DATASET RECORDS
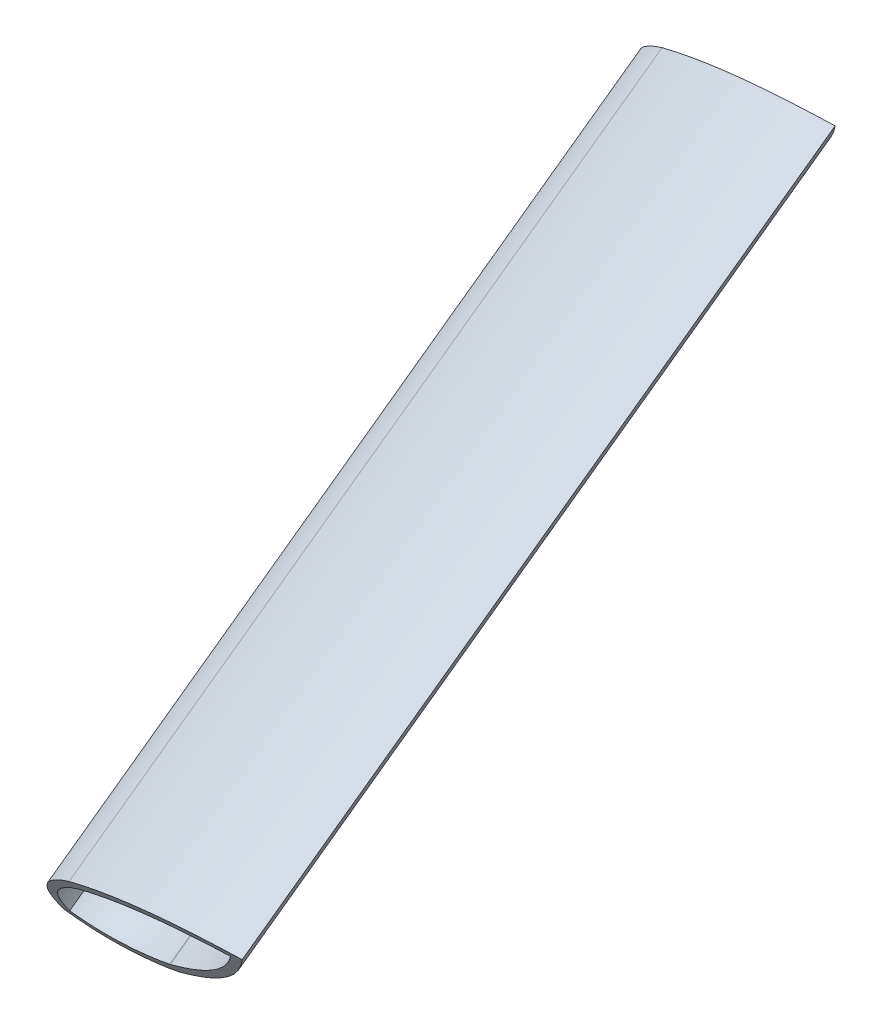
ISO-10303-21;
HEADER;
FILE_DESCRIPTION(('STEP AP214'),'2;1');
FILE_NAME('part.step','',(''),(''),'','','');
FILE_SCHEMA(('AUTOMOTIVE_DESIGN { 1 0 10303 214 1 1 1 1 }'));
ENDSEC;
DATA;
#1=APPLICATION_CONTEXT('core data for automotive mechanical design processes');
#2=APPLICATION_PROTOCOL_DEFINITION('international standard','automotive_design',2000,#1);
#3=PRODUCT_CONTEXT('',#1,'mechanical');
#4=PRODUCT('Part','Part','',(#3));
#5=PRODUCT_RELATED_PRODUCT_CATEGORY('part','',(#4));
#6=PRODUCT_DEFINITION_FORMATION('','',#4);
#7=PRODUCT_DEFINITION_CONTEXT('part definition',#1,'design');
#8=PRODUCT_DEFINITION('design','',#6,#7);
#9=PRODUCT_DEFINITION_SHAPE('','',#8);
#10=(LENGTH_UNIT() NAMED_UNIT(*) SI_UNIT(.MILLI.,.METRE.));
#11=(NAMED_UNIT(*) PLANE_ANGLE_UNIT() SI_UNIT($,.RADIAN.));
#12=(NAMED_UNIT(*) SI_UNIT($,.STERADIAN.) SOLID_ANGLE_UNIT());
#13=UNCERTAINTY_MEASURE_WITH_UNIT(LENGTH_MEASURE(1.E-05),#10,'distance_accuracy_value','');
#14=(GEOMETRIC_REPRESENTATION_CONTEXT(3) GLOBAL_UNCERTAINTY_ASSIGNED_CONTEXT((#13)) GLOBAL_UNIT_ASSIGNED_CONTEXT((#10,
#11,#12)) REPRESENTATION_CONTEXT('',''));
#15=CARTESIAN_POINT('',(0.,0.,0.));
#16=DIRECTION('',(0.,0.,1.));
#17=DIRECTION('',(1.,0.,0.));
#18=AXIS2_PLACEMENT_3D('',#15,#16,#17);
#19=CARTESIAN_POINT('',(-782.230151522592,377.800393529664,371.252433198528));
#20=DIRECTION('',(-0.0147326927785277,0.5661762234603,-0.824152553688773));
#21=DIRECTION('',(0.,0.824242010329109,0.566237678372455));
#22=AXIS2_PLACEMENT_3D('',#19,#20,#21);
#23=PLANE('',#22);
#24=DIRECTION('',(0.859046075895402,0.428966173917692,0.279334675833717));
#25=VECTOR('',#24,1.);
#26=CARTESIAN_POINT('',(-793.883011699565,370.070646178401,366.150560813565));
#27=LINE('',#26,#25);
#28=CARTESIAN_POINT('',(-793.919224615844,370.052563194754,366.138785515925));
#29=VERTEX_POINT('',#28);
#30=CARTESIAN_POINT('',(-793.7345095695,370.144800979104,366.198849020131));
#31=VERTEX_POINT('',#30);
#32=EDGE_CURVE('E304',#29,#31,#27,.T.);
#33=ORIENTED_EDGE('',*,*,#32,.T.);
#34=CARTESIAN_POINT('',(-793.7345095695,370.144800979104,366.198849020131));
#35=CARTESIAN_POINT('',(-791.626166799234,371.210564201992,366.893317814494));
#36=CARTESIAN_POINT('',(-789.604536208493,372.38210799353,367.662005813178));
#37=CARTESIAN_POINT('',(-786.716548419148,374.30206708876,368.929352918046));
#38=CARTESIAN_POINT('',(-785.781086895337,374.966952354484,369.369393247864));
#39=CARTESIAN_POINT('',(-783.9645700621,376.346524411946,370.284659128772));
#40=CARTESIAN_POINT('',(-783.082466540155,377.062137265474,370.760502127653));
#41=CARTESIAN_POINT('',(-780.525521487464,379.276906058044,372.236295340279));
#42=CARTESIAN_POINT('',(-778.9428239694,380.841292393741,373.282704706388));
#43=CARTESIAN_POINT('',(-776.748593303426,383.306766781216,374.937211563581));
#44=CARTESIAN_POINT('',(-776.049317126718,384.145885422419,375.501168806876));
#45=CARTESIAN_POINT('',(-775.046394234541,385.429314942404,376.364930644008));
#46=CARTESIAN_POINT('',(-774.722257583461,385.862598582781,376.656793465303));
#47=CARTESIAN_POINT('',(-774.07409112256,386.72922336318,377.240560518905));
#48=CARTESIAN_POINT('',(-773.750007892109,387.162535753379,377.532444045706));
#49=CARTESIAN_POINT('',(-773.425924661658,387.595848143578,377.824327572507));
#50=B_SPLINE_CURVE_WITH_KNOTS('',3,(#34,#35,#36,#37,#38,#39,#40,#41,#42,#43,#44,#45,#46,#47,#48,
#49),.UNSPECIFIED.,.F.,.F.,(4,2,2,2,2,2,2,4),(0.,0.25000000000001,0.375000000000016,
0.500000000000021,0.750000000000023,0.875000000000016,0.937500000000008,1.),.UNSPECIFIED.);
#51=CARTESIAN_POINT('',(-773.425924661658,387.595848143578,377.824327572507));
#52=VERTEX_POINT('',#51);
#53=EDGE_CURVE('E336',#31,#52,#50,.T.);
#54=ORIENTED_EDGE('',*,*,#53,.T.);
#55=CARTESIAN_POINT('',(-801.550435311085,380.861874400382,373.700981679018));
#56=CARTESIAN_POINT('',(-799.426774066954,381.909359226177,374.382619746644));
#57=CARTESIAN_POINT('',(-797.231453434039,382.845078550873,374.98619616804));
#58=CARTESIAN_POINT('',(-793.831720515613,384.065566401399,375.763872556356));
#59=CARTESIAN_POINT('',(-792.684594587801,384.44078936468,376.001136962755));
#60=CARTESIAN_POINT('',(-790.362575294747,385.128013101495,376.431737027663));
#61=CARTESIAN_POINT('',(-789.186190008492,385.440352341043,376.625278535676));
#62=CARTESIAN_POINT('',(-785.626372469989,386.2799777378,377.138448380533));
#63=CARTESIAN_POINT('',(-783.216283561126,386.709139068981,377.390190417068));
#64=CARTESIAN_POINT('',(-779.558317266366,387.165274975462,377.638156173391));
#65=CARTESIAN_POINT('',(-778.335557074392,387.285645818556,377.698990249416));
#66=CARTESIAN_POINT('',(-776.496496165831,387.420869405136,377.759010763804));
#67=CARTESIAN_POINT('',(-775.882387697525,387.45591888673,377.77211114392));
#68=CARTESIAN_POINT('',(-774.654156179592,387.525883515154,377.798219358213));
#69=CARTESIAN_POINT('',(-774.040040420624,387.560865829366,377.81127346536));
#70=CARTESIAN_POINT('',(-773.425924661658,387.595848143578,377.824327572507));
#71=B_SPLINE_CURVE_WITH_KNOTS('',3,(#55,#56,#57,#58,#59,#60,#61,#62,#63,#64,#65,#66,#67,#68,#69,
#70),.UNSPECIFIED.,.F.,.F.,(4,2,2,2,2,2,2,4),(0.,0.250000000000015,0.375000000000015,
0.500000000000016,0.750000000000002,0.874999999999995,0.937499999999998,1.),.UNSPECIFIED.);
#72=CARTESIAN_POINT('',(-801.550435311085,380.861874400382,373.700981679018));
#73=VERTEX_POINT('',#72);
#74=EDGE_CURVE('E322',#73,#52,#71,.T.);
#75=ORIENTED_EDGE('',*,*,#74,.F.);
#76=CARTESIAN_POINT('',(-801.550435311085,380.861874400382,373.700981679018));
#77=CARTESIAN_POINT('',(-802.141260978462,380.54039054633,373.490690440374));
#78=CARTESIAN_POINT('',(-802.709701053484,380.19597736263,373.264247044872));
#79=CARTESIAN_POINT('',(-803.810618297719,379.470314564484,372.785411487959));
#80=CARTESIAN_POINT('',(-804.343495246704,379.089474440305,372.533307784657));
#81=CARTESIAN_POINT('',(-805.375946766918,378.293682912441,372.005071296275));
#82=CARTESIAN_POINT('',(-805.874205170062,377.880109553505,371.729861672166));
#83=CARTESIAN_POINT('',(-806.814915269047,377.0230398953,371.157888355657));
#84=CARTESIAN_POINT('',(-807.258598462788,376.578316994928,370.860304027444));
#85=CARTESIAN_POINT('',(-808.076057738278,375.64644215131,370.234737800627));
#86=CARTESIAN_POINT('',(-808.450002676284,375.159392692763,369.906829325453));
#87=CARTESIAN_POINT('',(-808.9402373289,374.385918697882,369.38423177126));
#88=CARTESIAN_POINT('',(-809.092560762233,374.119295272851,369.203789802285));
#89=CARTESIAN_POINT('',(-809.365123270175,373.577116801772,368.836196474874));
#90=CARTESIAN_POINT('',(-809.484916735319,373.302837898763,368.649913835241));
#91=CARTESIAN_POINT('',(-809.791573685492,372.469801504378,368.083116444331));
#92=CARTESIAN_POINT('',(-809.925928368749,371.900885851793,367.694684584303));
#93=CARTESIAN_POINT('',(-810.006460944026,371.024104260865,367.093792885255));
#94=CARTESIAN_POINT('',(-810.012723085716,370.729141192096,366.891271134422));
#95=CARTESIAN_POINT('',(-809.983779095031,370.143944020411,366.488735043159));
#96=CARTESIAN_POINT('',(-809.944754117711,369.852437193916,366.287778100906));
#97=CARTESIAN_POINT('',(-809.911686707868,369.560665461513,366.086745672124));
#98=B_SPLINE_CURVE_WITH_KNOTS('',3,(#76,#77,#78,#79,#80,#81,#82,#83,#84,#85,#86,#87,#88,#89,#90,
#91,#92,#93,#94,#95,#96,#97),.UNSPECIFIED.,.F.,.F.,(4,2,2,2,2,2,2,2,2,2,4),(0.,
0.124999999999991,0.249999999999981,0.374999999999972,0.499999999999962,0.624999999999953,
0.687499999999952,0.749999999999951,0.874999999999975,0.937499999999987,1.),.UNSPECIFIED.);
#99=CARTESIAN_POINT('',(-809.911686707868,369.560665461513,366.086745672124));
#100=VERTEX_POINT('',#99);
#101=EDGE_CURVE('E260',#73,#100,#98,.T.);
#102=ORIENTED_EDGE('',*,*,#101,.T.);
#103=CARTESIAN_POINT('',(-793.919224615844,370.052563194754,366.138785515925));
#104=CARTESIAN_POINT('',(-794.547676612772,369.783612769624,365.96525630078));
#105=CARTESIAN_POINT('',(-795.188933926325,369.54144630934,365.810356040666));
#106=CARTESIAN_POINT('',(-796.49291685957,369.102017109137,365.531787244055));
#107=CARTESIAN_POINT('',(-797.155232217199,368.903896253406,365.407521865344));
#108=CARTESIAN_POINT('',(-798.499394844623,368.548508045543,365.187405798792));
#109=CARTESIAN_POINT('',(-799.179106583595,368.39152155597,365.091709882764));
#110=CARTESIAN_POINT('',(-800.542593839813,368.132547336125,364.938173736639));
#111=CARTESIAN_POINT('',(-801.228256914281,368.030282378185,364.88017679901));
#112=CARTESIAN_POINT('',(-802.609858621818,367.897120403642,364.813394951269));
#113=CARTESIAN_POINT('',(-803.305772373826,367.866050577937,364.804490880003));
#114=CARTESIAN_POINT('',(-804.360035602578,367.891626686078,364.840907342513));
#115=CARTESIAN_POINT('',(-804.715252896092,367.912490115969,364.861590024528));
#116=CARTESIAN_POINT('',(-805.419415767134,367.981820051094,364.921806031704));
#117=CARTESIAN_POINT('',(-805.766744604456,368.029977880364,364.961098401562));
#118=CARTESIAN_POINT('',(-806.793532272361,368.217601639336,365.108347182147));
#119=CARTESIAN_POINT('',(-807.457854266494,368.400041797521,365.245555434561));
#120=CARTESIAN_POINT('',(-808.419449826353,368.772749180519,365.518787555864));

WHAT IS NEEDED
The reply should hold only the lines running from the top of the records to the line containing "#7=PRODUCT_DEFINITION_CONTEXT('part definition',#1,'design');", both included, copied exactly with no pictures.

SOLUTION FOR THIS PROBLEM
ISO-10303-21;
HEADER;
FILE_DESCRIPTION(('STEP AP214'),'2;1');
FILE_NAME('part.step','',(''),(''),'','','');
FILE_SCHEMA(('AUTOMOTIVE_DESIGN { 1 0 10303 214 1 1 1 1 }'));
ENDSEC;
DATA;
#1=APPLICATION_CONTEXT('core data for automotive mechanical design processes');
#2=APPLICATION_PROTOCOL_DEFINITION('international standard','automotive_design',2000,#1);
#3=PRODUCT_CONTEXT('',#1,'mechanical');
#4=PRODUCT('Part','Part','',(#3));
#5=PRODUCT_RELATED_PRODUCT_CATEGORY('part','',(#4));
#6=PRODUCT_DEFINITION_FORMATION('','',#4);
#7=PRODUCT_DEFINITION_CONTEXT('part definition',#1,'design');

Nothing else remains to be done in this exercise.